We've had this wood stove since the winter of 1989 and it's still going strong. We are moving the stove from its current location and need the manual to look at the distance from a non- combustible wall. 

The stove pipe feeds out of the top of the stove through a thimble in our roof (the pipe will still be feeding through in the same place). What we need most is the clearance requirement from the back of this stove to the non-combustible wall.

My husband will be installing Hardie backer board and then tile over that as the non-combustible portion of the wall. 

Thank you in advance for any help you van provide.


----------



## Lake Girl (Jun 6, 2016)

Do you mean a Dovre?  Couldn't find your model # but you could contact the company for further info beyond their "vintage" info.
http://dovre.co.uk/download/Woodbur... Vintage Installation & User Instructions.pdf


----------



## Lake Girl (Jun 6, 2016)

Download Technical data ... has dimensions and clearances.  http://dovre.be/en-be/products/300#rotater-content3


----------



## begreen (Jun 6, 2016)

Note that the clearances to the walls are to a combustible surface. This can be dry wall. There is no harm in tiling the wall as suggested, but the clearance distance is measureed to the nearest combustible which is 16" side and back.


----------



## Marge18328 (Jun 6, 2016)

Thank you for all your assistance. My husband has the new location set at a 20 inch clearance from where the non-combustible material will be on the wall in back of the stove so we should be fine. There will be more than 2 feet clearance on the sides and front of the stove.

The stove pad that was originally installed when the house was built (we are the third owners) was installed over carpet with 3/4 inch plywood over the carpet and then 2 inch thick porcelain tile set in concrete.

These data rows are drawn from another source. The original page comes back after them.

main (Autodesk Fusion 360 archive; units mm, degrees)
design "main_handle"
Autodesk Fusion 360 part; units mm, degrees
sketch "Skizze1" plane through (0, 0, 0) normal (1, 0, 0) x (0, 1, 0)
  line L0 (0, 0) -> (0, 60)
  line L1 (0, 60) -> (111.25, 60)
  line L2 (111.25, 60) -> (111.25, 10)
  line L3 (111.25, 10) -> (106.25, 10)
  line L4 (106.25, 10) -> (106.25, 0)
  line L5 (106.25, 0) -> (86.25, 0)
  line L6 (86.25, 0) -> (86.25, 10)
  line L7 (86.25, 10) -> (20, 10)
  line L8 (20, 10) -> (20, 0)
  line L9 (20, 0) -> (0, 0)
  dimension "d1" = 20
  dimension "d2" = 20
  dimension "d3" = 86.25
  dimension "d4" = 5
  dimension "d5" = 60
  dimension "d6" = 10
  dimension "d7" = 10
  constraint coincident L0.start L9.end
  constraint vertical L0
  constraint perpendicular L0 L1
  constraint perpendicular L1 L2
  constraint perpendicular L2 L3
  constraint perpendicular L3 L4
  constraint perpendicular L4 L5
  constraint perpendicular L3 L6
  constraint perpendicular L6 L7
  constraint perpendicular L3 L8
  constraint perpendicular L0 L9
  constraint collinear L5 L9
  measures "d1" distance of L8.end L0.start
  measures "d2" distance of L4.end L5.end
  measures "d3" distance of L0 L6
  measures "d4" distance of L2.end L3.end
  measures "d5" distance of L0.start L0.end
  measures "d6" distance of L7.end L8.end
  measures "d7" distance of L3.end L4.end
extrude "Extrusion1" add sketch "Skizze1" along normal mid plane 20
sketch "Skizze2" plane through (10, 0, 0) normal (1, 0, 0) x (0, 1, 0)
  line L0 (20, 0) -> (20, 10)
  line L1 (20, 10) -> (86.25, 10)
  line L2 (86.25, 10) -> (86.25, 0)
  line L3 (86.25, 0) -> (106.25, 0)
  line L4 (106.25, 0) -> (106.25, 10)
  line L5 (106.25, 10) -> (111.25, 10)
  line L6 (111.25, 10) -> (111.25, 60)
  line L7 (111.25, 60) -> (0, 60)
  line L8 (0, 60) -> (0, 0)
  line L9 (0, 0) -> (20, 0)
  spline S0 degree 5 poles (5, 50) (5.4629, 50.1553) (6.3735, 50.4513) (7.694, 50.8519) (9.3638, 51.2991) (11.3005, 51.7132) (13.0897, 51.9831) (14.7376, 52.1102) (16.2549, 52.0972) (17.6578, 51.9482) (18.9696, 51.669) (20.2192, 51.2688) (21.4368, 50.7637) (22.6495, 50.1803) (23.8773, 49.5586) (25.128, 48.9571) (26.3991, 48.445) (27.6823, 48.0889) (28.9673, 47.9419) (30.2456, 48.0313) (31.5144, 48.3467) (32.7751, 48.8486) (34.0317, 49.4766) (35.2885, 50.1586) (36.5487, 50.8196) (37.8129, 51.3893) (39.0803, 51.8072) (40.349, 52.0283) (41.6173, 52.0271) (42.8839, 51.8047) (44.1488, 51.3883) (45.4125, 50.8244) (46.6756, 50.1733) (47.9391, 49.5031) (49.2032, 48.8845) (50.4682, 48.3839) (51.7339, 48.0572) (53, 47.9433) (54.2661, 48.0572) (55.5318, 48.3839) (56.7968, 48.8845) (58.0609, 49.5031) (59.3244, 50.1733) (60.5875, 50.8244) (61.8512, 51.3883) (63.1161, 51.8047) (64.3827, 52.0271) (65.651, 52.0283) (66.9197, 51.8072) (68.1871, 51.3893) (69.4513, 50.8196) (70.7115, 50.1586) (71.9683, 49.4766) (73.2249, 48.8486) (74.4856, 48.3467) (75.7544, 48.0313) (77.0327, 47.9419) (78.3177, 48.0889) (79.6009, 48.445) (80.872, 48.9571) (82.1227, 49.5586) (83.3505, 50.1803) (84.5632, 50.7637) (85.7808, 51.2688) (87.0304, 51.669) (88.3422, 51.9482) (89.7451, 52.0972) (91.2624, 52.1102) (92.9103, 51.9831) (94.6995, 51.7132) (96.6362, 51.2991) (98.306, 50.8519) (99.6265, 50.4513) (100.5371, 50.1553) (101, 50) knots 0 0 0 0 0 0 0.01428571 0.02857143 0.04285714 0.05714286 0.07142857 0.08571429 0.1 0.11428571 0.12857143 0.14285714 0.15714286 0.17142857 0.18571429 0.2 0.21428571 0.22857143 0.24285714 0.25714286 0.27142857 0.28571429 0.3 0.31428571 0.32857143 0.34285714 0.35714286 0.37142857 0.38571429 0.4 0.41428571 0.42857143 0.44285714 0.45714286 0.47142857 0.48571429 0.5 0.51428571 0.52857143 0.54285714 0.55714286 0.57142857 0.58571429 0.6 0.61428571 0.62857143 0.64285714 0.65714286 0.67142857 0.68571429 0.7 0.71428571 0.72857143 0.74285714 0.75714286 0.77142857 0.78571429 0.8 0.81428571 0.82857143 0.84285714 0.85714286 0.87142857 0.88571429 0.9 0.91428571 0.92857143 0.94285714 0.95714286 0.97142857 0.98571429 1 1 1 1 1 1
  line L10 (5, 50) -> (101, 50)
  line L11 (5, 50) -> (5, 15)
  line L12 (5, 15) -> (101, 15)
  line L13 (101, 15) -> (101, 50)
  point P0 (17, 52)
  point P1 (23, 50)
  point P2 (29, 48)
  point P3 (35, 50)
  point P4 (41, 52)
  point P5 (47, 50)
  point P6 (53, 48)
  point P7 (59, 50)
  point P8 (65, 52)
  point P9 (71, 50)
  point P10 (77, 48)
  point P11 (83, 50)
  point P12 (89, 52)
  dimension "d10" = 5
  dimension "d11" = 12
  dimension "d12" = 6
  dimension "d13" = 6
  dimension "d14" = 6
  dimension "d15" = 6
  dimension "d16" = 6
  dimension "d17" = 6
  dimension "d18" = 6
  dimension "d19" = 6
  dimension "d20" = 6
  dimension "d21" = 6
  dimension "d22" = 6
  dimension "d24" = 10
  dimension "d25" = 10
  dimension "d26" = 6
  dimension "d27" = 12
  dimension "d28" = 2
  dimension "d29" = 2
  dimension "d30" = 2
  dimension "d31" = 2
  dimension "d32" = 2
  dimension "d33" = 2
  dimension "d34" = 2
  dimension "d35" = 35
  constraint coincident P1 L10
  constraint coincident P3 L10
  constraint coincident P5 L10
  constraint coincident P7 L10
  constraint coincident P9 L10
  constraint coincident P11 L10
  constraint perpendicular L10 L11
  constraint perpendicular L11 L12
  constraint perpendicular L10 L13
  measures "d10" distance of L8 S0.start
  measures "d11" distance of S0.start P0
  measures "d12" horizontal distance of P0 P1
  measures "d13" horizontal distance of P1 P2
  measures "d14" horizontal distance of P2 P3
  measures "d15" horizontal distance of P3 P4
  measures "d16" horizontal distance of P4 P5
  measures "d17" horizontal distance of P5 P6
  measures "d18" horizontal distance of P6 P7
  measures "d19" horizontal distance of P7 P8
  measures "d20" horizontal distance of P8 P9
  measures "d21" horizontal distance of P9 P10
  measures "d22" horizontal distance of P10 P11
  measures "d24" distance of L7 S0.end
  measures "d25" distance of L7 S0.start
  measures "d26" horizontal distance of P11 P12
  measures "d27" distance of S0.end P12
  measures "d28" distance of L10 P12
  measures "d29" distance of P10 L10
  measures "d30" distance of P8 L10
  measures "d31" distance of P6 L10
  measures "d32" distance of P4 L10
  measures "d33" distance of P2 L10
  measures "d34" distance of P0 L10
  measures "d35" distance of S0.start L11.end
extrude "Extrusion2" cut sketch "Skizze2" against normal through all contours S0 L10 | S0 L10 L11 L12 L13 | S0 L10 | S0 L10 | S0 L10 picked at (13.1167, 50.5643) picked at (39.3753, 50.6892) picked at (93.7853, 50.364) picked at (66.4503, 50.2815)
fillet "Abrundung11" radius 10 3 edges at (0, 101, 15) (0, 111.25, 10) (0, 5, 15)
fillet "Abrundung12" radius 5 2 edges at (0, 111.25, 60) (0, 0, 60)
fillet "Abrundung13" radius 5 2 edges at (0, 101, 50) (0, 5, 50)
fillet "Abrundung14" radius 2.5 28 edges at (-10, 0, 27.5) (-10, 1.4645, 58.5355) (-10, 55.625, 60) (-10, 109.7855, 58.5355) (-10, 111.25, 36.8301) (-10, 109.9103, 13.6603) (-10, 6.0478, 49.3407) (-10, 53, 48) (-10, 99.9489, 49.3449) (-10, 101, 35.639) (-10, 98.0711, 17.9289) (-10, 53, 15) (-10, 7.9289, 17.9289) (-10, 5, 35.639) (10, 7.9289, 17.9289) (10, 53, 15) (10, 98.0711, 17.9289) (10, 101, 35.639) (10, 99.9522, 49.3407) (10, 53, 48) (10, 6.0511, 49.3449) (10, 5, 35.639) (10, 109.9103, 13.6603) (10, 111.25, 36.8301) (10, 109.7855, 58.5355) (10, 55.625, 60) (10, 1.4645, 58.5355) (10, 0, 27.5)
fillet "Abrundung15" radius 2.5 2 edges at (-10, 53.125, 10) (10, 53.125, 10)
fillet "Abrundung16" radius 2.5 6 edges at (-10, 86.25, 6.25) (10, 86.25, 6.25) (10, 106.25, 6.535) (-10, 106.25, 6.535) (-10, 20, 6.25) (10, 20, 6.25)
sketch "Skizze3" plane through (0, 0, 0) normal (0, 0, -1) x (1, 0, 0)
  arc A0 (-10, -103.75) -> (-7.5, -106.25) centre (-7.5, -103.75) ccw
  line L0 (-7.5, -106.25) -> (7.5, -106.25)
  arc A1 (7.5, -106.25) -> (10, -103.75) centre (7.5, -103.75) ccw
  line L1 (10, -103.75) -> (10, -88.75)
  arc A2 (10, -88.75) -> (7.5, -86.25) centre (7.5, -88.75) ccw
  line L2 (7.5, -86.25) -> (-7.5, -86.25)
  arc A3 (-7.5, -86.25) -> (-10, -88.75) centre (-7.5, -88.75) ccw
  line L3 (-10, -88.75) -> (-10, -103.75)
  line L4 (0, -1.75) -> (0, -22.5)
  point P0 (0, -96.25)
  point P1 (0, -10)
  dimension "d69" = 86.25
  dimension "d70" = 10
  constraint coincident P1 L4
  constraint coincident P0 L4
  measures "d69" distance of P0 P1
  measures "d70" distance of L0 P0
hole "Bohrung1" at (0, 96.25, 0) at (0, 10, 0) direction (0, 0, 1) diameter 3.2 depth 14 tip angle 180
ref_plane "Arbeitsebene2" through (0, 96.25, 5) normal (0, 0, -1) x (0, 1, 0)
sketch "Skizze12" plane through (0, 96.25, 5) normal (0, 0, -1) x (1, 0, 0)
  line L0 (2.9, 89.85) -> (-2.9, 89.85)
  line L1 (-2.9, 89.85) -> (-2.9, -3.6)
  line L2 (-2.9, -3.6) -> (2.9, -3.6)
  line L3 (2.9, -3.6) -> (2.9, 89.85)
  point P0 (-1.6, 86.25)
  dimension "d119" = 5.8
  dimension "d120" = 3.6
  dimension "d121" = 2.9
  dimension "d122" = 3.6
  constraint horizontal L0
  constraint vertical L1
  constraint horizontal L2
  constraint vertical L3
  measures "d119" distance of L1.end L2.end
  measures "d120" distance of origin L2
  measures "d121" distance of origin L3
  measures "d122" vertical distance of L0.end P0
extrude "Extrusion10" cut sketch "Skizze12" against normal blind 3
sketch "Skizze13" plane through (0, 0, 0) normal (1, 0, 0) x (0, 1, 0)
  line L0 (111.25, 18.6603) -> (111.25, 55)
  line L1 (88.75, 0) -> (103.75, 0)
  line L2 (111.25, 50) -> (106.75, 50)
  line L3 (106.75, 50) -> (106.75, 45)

The wall in back if the stove had wood paneling with the same 2 inch thick tile set in concrete which was then fastened to the paneling with screws. 

We feel fortunate that we did not have our home burn down.


----------



## Marge18328 (Jun 6, 2016)

Lake Girl said:


> Do you mean a Dovre?  Couldn't find your model # but you could contact the company for further info beyond their "vintage" info.
> http://dovre.co.uk/download/Woodburning and Multi-fuel Stoves/Dovre Vintage Installation & User Instructions.pdf




Oh darn I reversed the letters again!


----------



## Marge18328 (Jun 6, 2016)

I have contacted the place you mentioned above along with tweeting Stovax as well to see if they can help.


----------